## Dataset records
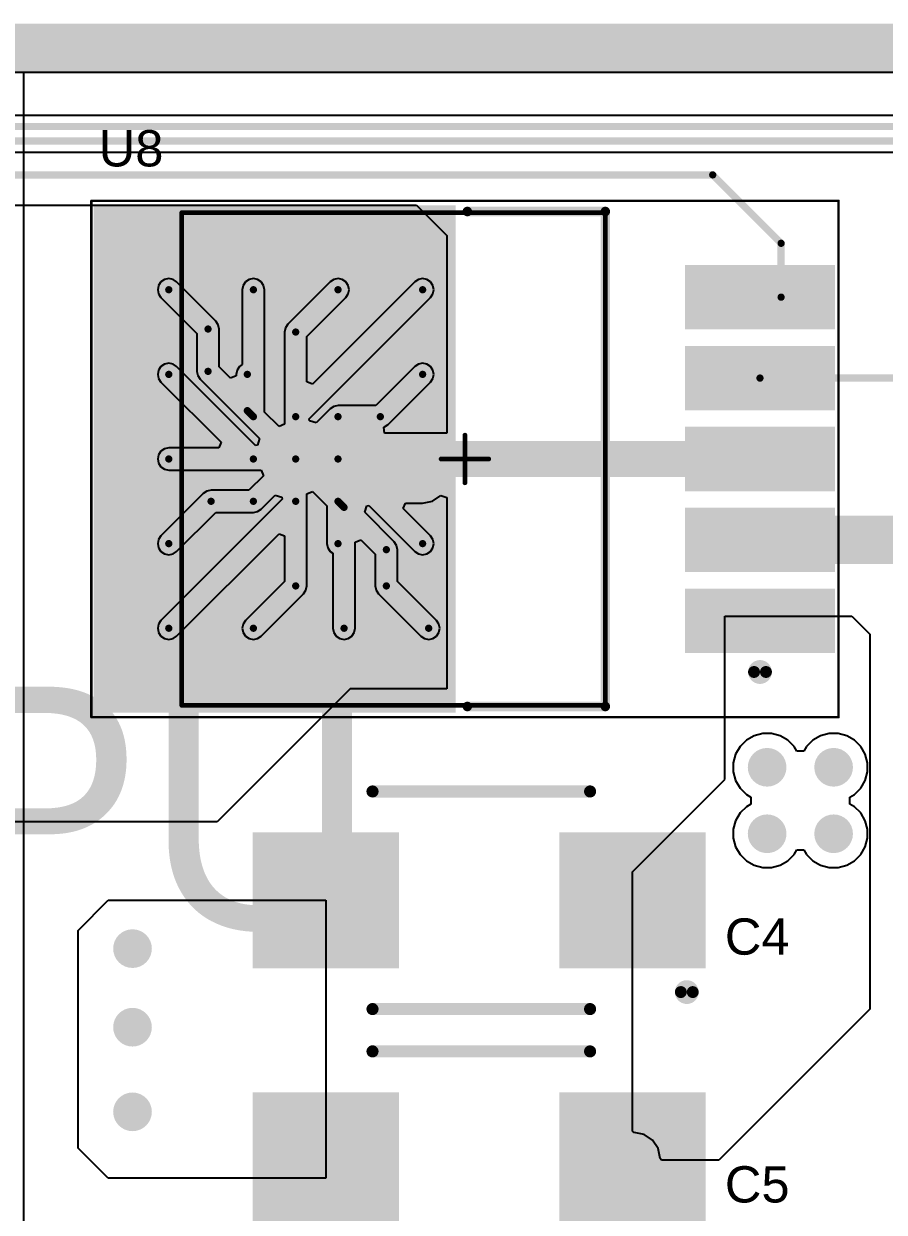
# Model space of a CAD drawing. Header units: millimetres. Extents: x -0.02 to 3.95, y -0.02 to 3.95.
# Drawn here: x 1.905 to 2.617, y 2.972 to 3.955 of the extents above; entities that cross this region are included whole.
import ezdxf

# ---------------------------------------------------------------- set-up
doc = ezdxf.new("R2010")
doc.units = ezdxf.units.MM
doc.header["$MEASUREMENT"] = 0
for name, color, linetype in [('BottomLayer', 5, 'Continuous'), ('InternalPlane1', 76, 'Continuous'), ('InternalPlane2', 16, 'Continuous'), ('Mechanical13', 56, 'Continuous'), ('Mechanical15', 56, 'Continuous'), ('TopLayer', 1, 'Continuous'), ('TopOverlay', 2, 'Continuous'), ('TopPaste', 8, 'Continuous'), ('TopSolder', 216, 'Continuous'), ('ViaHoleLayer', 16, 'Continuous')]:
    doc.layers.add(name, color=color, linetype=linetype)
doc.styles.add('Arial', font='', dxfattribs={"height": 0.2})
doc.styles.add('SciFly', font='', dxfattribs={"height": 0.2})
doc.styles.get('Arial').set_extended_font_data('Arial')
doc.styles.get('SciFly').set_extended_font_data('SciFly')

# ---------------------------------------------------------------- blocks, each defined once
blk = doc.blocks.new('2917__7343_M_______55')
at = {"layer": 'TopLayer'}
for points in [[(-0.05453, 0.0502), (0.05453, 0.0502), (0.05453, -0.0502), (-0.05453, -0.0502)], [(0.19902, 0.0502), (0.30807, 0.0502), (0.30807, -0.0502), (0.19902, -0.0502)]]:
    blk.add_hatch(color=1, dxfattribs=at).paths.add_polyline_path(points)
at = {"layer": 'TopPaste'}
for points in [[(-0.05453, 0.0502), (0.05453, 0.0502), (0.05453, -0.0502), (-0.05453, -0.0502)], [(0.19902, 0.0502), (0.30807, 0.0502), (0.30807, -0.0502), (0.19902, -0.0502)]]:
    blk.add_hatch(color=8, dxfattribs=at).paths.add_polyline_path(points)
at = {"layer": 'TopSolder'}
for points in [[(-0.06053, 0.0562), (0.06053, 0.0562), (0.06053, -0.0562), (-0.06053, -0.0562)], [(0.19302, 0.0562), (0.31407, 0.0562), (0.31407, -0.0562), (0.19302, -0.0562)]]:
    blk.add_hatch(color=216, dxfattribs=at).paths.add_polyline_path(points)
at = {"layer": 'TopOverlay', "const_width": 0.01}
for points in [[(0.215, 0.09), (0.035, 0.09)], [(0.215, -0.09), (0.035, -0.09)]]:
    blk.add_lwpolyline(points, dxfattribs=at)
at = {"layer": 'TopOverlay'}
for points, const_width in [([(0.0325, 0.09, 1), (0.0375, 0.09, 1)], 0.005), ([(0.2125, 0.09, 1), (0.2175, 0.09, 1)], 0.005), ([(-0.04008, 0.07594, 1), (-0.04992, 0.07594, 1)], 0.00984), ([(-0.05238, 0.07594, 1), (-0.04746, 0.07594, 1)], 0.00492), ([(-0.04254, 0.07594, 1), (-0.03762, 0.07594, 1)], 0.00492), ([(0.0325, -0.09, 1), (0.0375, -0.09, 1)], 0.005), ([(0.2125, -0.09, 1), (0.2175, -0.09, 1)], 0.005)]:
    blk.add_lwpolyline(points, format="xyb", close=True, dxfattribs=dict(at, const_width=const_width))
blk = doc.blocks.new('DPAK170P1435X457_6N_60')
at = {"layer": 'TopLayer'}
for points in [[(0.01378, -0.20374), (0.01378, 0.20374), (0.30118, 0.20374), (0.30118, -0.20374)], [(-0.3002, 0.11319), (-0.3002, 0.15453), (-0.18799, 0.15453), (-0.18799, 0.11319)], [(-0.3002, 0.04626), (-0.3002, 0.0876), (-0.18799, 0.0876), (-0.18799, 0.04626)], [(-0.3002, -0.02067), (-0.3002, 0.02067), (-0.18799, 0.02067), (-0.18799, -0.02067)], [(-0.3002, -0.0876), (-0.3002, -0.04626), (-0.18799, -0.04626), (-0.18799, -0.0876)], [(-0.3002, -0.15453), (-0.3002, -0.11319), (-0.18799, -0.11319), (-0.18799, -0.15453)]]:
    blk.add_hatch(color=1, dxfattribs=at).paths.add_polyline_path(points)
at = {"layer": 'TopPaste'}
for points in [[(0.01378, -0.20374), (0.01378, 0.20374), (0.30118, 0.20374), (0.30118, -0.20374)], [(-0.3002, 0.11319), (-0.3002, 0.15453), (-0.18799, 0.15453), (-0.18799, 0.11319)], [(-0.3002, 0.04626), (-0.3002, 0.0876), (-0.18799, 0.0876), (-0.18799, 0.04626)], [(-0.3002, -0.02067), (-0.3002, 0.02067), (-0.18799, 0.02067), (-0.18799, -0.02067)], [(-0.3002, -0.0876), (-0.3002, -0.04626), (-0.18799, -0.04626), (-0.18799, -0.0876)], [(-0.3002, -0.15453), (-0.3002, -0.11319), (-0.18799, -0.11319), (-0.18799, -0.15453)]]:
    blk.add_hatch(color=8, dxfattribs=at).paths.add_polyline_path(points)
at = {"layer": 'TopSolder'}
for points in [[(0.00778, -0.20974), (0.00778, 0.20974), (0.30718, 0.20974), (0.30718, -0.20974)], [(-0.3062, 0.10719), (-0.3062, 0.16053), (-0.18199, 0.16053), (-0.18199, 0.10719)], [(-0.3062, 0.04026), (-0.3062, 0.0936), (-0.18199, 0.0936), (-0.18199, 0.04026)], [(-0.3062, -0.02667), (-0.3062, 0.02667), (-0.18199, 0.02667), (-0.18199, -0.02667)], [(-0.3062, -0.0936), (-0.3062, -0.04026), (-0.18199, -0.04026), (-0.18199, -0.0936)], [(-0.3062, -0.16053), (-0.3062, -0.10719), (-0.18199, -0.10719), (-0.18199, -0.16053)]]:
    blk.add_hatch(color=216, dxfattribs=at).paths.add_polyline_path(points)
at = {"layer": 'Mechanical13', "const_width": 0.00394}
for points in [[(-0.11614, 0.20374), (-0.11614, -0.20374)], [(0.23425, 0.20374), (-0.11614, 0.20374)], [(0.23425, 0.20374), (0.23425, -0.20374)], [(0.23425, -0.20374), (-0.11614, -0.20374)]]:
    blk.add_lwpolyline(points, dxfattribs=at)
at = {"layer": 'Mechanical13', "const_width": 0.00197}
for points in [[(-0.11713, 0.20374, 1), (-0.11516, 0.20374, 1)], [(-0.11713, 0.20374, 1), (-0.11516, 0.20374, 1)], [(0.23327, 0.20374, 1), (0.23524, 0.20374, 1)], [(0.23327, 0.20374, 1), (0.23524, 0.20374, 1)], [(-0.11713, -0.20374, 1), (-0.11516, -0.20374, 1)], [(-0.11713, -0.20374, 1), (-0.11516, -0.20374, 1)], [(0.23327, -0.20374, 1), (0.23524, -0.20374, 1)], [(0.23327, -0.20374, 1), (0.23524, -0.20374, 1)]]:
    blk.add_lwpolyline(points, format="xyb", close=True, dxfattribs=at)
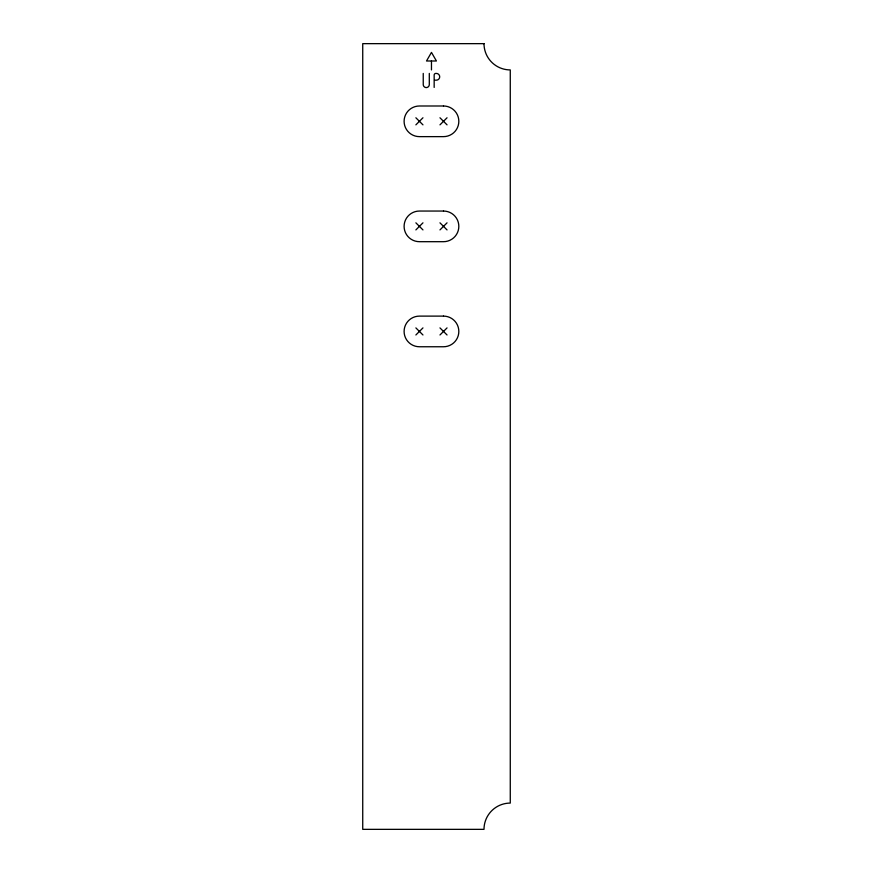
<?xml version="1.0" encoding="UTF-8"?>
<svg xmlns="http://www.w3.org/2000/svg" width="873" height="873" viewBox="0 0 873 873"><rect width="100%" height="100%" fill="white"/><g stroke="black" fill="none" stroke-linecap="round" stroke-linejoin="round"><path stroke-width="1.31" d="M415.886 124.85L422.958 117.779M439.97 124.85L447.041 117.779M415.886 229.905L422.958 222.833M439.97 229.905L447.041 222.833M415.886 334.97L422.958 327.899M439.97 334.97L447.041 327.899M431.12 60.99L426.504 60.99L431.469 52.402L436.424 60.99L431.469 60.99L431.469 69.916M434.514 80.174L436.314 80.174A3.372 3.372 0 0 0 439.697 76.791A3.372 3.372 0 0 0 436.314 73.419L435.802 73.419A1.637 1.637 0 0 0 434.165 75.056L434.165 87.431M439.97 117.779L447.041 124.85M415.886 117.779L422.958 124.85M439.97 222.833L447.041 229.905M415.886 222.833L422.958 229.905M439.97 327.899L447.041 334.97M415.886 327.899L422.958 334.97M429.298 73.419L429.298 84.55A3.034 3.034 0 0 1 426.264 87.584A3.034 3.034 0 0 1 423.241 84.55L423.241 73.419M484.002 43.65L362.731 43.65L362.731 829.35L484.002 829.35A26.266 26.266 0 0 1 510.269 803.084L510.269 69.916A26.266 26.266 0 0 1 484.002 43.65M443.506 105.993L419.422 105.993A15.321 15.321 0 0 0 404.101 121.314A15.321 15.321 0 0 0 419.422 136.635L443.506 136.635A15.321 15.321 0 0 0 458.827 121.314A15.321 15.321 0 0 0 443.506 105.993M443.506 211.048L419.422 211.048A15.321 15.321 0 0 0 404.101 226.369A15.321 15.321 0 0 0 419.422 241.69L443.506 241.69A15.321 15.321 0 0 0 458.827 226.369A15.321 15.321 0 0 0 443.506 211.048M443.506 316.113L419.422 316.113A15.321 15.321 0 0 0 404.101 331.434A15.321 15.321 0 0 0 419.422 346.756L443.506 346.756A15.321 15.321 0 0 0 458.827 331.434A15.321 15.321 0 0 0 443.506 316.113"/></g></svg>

## What you are asked to do
Retype only the lines that run from the first line of the entries above to the line containing "import ezdxf", both included. Do not carry over any pictures.

## Response to this task
# Model space of a CAD drawing. Header units: millimetres. Extents: x -0.02 to 3.95, y -0.02 to 3.95.
# Drawn here: x 1.905 to 2.617, y 2.972 to 3.955 of the extents above; entities that cross this region are included whole.
import ezdxf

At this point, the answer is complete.